[Items listed in a dataset]
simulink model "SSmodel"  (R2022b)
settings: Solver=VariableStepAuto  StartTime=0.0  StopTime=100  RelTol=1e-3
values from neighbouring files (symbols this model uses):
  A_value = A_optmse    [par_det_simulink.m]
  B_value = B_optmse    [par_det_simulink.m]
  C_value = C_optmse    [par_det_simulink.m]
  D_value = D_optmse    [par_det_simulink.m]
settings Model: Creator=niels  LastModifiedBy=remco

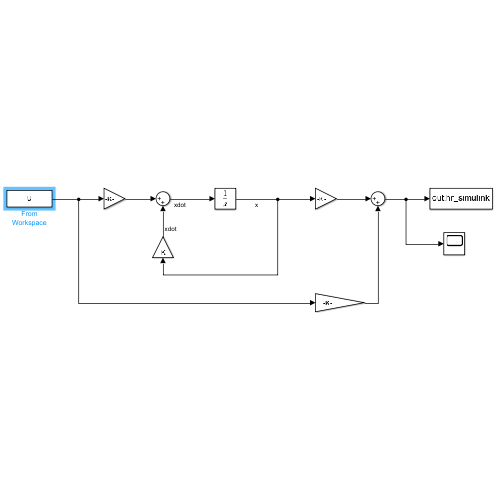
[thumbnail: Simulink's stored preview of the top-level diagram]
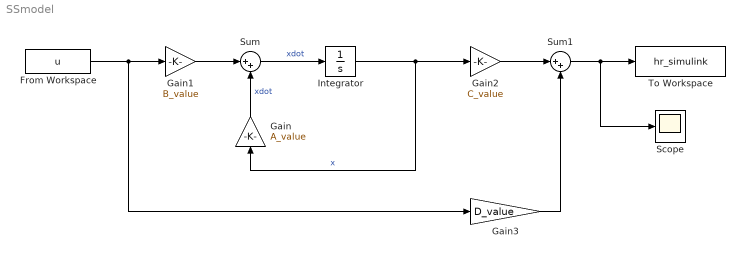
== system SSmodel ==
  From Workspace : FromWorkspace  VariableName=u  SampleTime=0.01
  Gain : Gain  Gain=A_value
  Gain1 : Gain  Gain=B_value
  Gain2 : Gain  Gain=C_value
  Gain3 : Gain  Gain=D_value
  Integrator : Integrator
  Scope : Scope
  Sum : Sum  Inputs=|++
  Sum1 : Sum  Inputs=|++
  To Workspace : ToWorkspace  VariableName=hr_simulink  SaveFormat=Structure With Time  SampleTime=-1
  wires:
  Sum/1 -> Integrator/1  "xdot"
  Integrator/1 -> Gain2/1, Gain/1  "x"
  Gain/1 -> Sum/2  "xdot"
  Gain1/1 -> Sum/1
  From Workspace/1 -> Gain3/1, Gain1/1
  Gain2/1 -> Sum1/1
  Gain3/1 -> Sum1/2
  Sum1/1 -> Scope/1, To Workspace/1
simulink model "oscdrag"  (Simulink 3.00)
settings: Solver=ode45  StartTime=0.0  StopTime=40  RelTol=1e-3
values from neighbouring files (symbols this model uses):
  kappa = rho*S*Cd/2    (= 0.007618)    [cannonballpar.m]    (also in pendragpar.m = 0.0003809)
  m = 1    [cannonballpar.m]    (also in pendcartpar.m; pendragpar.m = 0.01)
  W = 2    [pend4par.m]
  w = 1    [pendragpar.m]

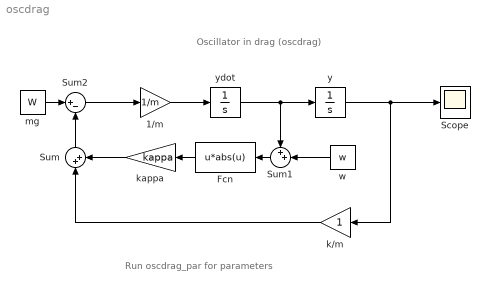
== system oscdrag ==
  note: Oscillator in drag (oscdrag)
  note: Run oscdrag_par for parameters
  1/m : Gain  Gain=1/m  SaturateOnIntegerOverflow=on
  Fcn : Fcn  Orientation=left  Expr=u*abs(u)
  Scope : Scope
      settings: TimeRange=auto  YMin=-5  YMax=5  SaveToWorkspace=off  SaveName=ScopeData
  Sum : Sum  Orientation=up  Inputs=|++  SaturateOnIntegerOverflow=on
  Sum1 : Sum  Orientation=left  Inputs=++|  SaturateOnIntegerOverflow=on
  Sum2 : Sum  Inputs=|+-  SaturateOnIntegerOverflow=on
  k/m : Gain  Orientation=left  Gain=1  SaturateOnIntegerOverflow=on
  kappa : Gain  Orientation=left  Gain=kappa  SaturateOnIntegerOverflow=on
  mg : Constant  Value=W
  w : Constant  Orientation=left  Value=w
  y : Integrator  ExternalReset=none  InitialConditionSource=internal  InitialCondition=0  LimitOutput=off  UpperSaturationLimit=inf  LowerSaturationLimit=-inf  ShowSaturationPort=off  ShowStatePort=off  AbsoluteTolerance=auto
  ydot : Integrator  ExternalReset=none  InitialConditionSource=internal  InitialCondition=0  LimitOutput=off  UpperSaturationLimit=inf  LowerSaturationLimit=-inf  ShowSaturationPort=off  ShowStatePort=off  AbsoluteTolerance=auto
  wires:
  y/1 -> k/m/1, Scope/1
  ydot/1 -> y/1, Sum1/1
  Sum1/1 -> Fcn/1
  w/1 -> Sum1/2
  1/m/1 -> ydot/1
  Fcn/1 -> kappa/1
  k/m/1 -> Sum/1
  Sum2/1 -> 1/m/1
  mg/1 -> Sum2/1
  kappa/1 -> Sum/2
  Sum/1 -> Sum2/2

**Exercise description**
Exactly as they appear, print the lines from the one holding "kappa : Gain" through the final line of the entries, and no others.

**Written reply**
  kappa : Gain  Orientation=left  Gain=kappa  SaturateOnIntegerOverflow=on
  mg : Constant  Value=W
  w : Constant  Orientation=left  Value=w
  y : Integrator  ExternalReset=none  InitialConditionSource=internal  InitialCondition=0  LimitOutput=off  UpperSaturationLimit=inf  LowerSaturationLimit=-inf  ShowSaturationPort=off  ShowStatePort=off  AbsoluteTolerance=auto
  ydot : Integrator  ExternalReset=none  InitialConditionSource=internal  InitialCondition=0  LimitOutput=off  UpperSaturationLimit=inf  LowerSaturationLimit=-inf  ShowSaturationPort=off  ShowStatePort=off  AbsoluteTolerance=auto
  wires:
  y/1 -> k/m/1, Scope/1
  ydot/1 -> y/1, Sum1/1
  Sum1/1 -> Fcn/1
  w/1 -> Sum1/2
  1/m/1 -> ydot/1
  Fcn/1 -> kappa/1
  k/m/1 -> Sum/1
  Sum2/1 -> 1/m/1
  mg/1 -> Sum2/1
  kappa/1 -> Sum/2
  Sum/1 -> Sum2/2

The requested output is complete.